Been following this for a while now.  I think we could have been targeted for brokering the agreement with the Obama administration.


----------



## Grunt (Sep 16, 2017)

Much like the "old" KGB, I suspect there may still be some "old" US haters down there with a little stroke left in their bags of tricks.

Whatever the reason, they need to be found and spanked immediately if not sooner....


----------



## Dame (Sep 17, 2017)

I'm just trying to figure out what could cause something like this. Radiation of some sort I'd guess but the narrow scope of the affected area just sounds bizarre.


----------



## SpitfireV (Sep 17, 2017)

Maybe it's a third party using Cuba for testing. Who knows.


----------



## Red Flag 1 (Sep 17, 2017)

[Q


----------



## SaintKP (Sep 17, 2017)

I'm not one to put the tin foil hat on and dive into the rabbit hole, but the sequence of events seems peculiar to me. Reports come in about sonic or as RF1 said radio based attacks and they continue until the State Department confronts Raul about them they suddenly stop out of nowhere. Then later on start up again for no reason a short time later, while I'm largely speculating and letting my imagination run wild it just seems strange to me I guess not to mention how cooperative Raul has been when the attacks stopped out of no where.

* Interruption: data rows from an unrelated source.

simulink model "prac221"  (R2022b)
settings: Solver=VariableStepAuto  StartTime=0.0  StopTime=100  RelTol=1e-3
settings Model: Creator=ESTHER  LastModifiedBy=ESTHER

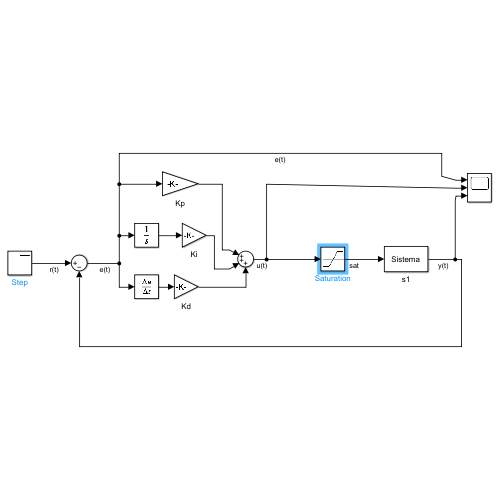
[thumbnail: Simulink's stored preview of the top-level diagram]
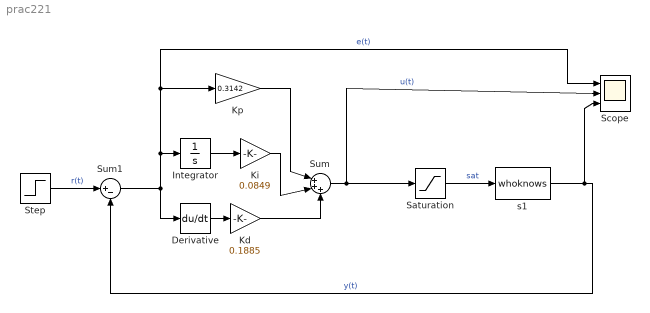
== system prac221 ==
  Derivative : Derivative
  Integrator : Integrator
  Kd : Gain  Gain=0.1885
  Ki : Gain  Gain=0.0849
  Kp : Gain  Gain=0.3142
  Saturation : Saturate  UpperLimit=3.2e+05  LowerLimit=-8.1e+04
  Scope : Scope  NumInputPorts=3
  Step : Step  SampleTime=0
  Sum : Sum  Inputs=|+++
  Sum1 : Sum  Inputs=|+-
  s1 : M-S-Function  FunctionName=whoknows  Parameters=L, P1, P2, T, R  mask{L=6, P1=1, P2=3, T=1, R=0}
      mask prompts: L "Laboratorio"; P1 "Primer digito del Puesto"; P2 "Segundo digito del Puesto"; T "Tipo de Planta"; R "Ruido"
      mask Display: disp('Sistema')
  wires:
  s1/1 -> Scope/3, Sum1/2  "y(t)"
  Sum/1 -> Saturation/1, Scope/2  "u(t)"
  Step/1 -> Sum1/1  "r(t)"
  Sum1/1 -> Integrator/1, Scope/1, Kp/1, Derivative/1  "e(t)"
  Derivative/1 -> Kd/1
  Integrator/1 -> Ki/1
  Kp/1 -> Sum/1
  Ki/1 -> Sum/2
  Kd/1 -> Sum/3
  Saturation/1 -> s1/1  "sat"

It's probably some disgruntled members of the old regime (those feelings simply don't go away after a year especially when the Communist vs. Capitalist divide spanned generations) like others have said, but there is certainly room left for the imagination in my opinion.


TLDR; I need to stop watching Ancient Aliens and conspiracy theory videos.


----------



## Andoni (Sep 18, 2017)

The first thing I thought of after reading about this was they used radio frequency waves to cause damage. Cuba would definitely do that.


----------